To answer your updated question, for C/Fortran interoperability, use the ISO_C_BINDING feature which is nowadays widely available. This provides a standardized way to pass information between C and Fortran.
If the dummy argument for a regular array in Fortran is declared A(:) (or with more dimensions), the SHAPE is passed, not the specific index range. So the procedure will default to one-indexing. You can override this with a declaration in the procedure of A(-10:), or A(StartIndex:), where StartIndex is another argument.
Fortran pointers do include the index range, but the passing mechanism will be compiler dependent. Code interfacing this to C is likely to be OS & compiler dependent. As already suggested, I'd use a regular array and the ISO C Binding. It is MUCH easier than the old ways of figuring out the compiler passing mechanisms and standard and portable. If you have a large existing Fortran code, you could write a "glue" Fortran procedure that maps between the regular Fortran variable declarations and the ISO C Binding names. While they types will have formally different names, in practice they will be the same if you select the correct ISO C types. The ISO C Binding has been available for many years now -- can you upgrade the compiler on the problem target platform? If not, I'd use a regular Fortran array and either use zero-indexing on the C-side, or explicitly pass as arguments the desired indices.

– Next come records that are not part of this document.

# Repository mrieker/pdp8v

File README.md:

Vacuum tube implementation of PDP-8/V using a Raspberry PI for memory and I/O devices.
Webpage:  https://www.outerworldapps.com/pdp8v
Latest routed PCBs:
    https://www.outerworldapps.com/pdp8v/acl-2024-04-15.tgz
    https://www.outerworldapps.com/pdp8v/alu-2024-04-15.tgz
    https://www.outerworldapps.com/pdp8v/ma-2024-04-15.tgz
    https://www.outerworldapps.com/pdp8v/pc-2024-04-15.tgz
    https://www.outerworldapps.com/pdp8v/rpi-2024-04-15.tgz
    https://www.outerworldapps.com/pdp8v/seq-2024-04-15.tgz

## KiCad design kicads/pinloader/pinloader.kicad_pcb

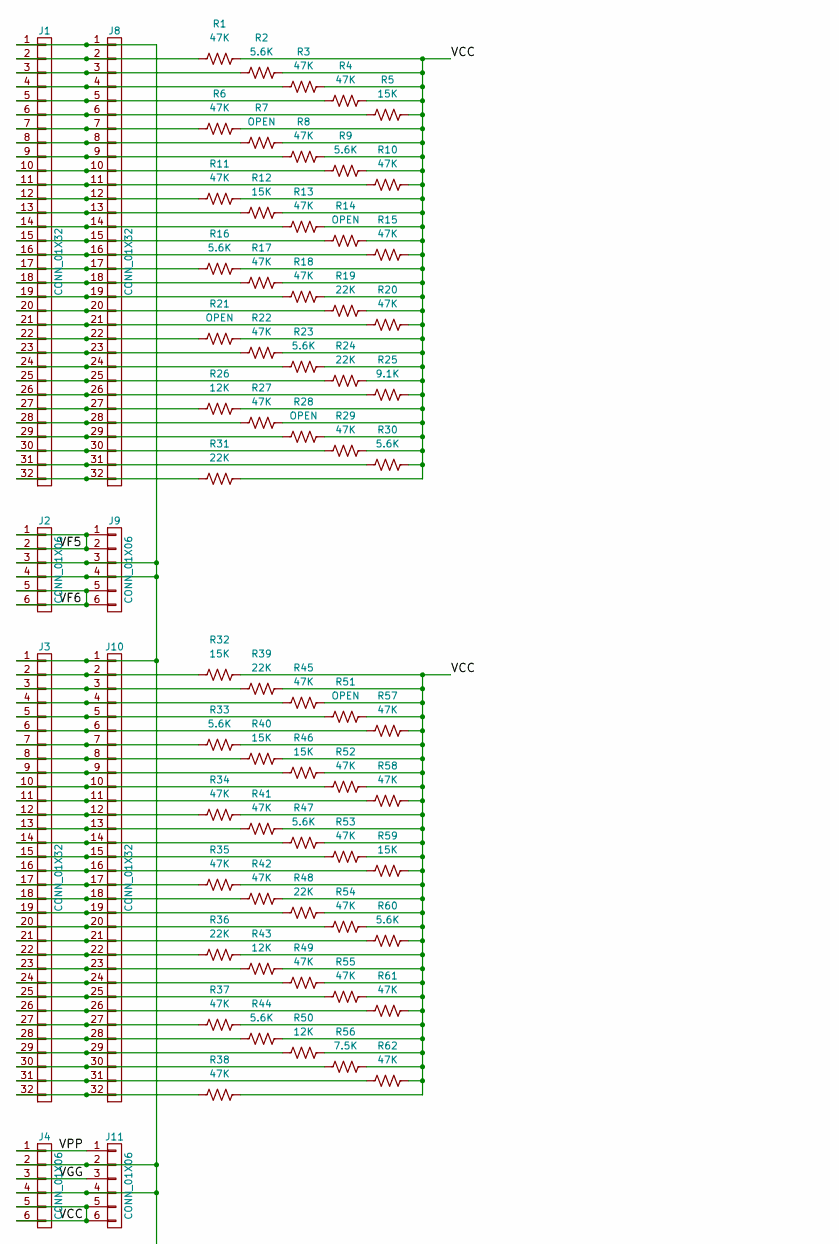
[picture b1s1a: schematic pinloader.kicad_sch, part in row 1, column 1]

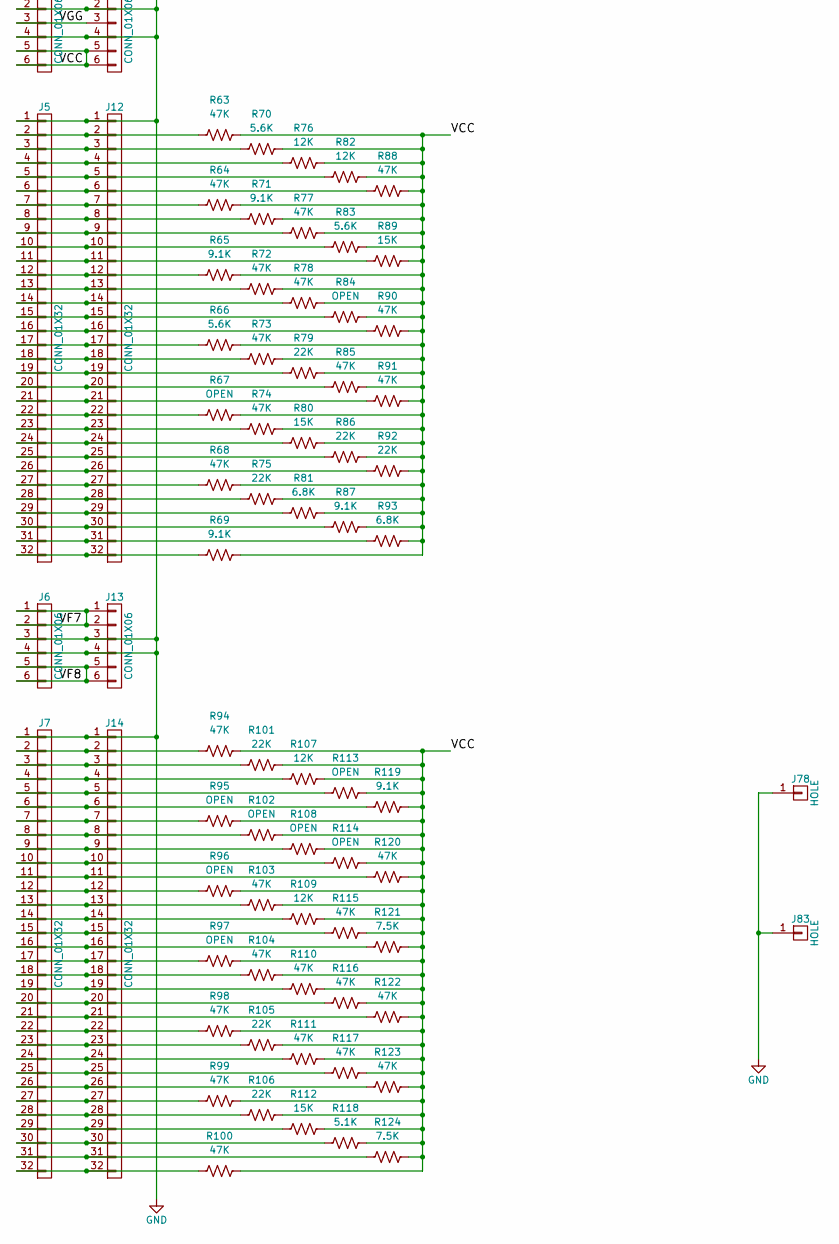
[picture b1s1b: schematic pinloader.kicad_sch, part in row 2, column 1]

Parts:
J1, J3, J5, J7, J8, J10, J12, J14: CONN_01X32; Pin_Header_Straight_1x32_Pitch2.54mm
J2, J4, J6, J9, J11, J13: CONN_01X06; Pin_Header_Straight_1x06_Pitch2.54mm
J78, J83: HOLE; 1pin
R1, R3, R4, R6, R8, R10, R11, R13, R15, R17, R18, R20, R22, R27, R29, R34, R35, R37, R38, R41, R42, R45, R49, R52, R53, R54, R55, R57, R58, R61, R62, R63, R64, R68, R72, R73, R74, R77, R78, R85, R88, R90, R91, R94, R98, R99, R100, R103, R104, R110, R111, R115, R116, R117, R120, R122, R123: 47K; R_Axial_DIN0207_L6.3mm_D2.5mm_P10.16mm_Horizontal
R2, R9, R16, R23, R30, R33, R44, R47, R60, R66, R70, R83: 5.6K; R_Axial_DIN0207_L6.3mm_D2.5mm_P10.16mm_Horizontal
R5, R12, R32, R40, R46, R59, R80, R89, R112: 15K; R_Axial_DIN0207_L6.3mm_D2.5mm_P10.16mm_Horizontal
R7, R14, R21, R28, R51, R67, R84, R95, R96, R97, R102, R108, R113, R114: OPEN; R_Axial_DIN0207_L6.3mm_D2.5mm_P10.16mm_Horizontal
R19, R24, R31, R36, R39, R48, R75, R79, R86, R92, R101, R105, R106: 22K; R_Axial_DIN0207_L6.3mm_D2.5mm_P10.16mm_Horizontal
R25, R65, R69, R71, R87, R119: 9.1K; R_Axial_DIN0207_L6.3mm_D2.5mm_P10.16mm_Horizontal
R26, R43, R50, R76, R82, R107, R109: 12K; R_Axial_DIN0207_L6.3mm_D2.5mm_P10.16mm_Horizontal
R56, R121, R124: 7.5K; R_Axial_DIN0207_L6.3mm_D2.5mm_P10.16mm_Horizontal
R81, R93: 6.8K; R_Axial_DIN0207_L6.3mm_D2.5mm_P10.16mm_Horizontal
R118: 5.1K; R_Axial_DIN0207_L6.3mm_D2.5mm_P10.16mm_Horizontal

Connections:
/VCC: J4.5, J4.6, J11.5, J11.6, R1.2, R2.2, R3.2, R4.2, R5.2, R6.2, R7.2, R8.2, R9.2, R10.2, R11.2, R12.2, R13.2, R14.2, R15.2, R16.2, R17.2, R18.2, R19.2, R20.2, R21.2, R22.2, R23.2, R24.2, R25.2, R26.2, R27.2, R28.2, R29.2, R30.2, R31.2, R32.2, R33.2, R34.2, R35.2, R36.2, R37.2, R38.2, R39.2, R40.2, R41.2, R42.2, R43.2, R44.2, R45.2, R46.2, R47.2, R48.2, R49.2, R50.2, R51.2, R52.2, R53.2, R54.2, R55.2, R56.2, R57.2, R58.2, R59.2, R60.2, R61.2, R62.2, R63.2, R64.2, R65.2, R66.2, R67.2, R68.2, R69.2, R70.2, R71.2, R72.2, R73.2, R74.2, R75.2, R76.2, R77.2, R78.2, R79.2, R80.2, R81.2, R82.2, R83.2, R84.2, R85.2, R86.2, R87.2, R88.2, R89.2, R90.2, R91.2, R92.2, R93.2, R94.2, R95.2, R96.2, R97.2, R98.2, R99.2, R100.2, R101.2, R102.2, R103.2, R104.2, R105.2, R106.2, R107.2, R108.2, R109.2, R110.2, R111.2, R112.2, R113.2, R114.2, R115.2, R116.2, R117.2, R118.2, R119.2, R120.2, R121.2, R122.2, R123.2, R124.2
/VF5: J2.1, J2.2, J9.1, J9.2
/VF6: J2.5, J2.6, J9.5, J9.6
/VF7: J6.1, J6.2, J13.1, J13.2
/VF8: J6.5, J6.6, J13.5, J13.6
/VGG: J4.3, J11.3
/VPP: J4.1, J11.1
GND: J1.1, J2.3, J2.4, J3.1, J4.2, J4.4, J5.1, J6.3, J6.4, J7.1, J8.1, J9.3, J9.4, J10.1, J11.2, J11.4, J12.1, J13.3, J13.4, J14.1, J78.1, J83.1
unnamed: J1.2, J8.2, R1.1
unnamed: J1.3, J8.3, R2.1
unnamed: J1.4, J8.4, R3.1
unnamed: J1.5, J8.5, R4.1
unnamed: J1.6, J8.6, R5.1
unnamed: J1.7, J8.7, R6.1
unnamed: J1.8, J8.8, R7.1
unnamed: J1.9, J8.9, R8.1
unnamed: J1.10, J8.10, R9.1
unnamed: J1.11, J8.11, R10.1
unnamed: J1.12, J8.12, R11.1
unnamed: J1.13, J8.13, R12.1
unnamed: J1.14, J8.14, R13.1
unnamed: J1.15, J8.15, R14.1
unnamed: J1.16, J8.16, R15.1
unnamed: J1.17, J8.17, R16.1
unnamed: J1.18, J8.18, R17.1
unnamed: J1.19, J8.19, R18.1
unnamed: J1.20, J8.20, R19.1
unnamed: J1.21, J8.21, R20.1
unnamed: J1.22, J8.22, R21.1
unnamed: J1.23, J8.23, R22.1
unnamed: J1.24, J8.24, R23.1
unnamed: J1.25, J8.25, R24.1
unnamed: J1.26, J8.26, R25.1
unnamed: J1.27, J8.27, R26.1
unnamed: J1.28, J8.28, R27.1
unnamed: J1.29, J8.29, R28.1
unnamed: J1.30, J8.30, R29.1
unnamed: J1.31, J8.31, R30.1
unnamed: J1.32, J8.32, R31.1
unnamed: J3.2, J10.2, R32.1
unnamed: J3.3, J10.3, R39.1
unnamed: J3.4, J10.4, R45.1
unnamed: J3.5, J10.5, R51.1
unnamed: J3.6, J10.6, R57.1
unnamed: J3.7, J10.7, R33.1
unnamed: J3.8, J10.8, R40.1
unnamed: J3.9, J10.9, R46.1
unnamed: J3.10, J10.10, R52.1
unnamed: J3.11, J10.11, R58.1
unnamed: J3.12, J10.12, R34.1
unnamed: J3.13, J10.13, R41.1
unnamed: J3.14, J10.14, R47.1
unnamed: J3.15, J10.15, R53.1
unnamed: J3.16, J10.16, R59.1
unnamed: J3.17, J10.17, R35.1
unnamed: J3.18, J10.18, R42.1
unnamed: J3.19, J10.19, R48.1
unnamed: J3.20, J10.20, R54.1
unnamed: J3.21, J10.21, R60.1
unnamed: J3.22, J10.22, R36.1
unnamed: J3.23, J10.23, R43.1
unnamed: J3.24, J10.24, R49.1
unnamed: J3.25, J10.25, R55.1
unnamed: J3.26, J10.26, R61.1
unnamed: J3.27, J10.27, R37.1
unnamed: J3.28, J10.28, R44.1
unnamed: J3.29, J10.29, R50.1
unnamed: J3.30, J10.30, R56.1
unnamed: J3.31, J10.31, R62.1
unnamed: J3.32, J10.32, R38.1
unnamed: J5.2, J12.2, R63.1
unnamed: J5.3, J12.3, R70.1
unnamed: J5.4, J12.4, R76.1
unnamed: J5.5, J12.5, R82.1
unnamed: J5.6, J12.6, R88.1
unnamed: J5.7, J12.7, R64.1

There are examples of ISO C Binding usage on other Stack Overflow questions.
The interface to a procedure is explicit if it is declared so that it is known to the compiler in the caller. The simplest way it to place the procedures in a module and "use" the module in the caller. Having explicit interfaces helps avoid bugs since the compiler can check consistency between arguments of the caller and callee. It is a little bit like C header files, only easier.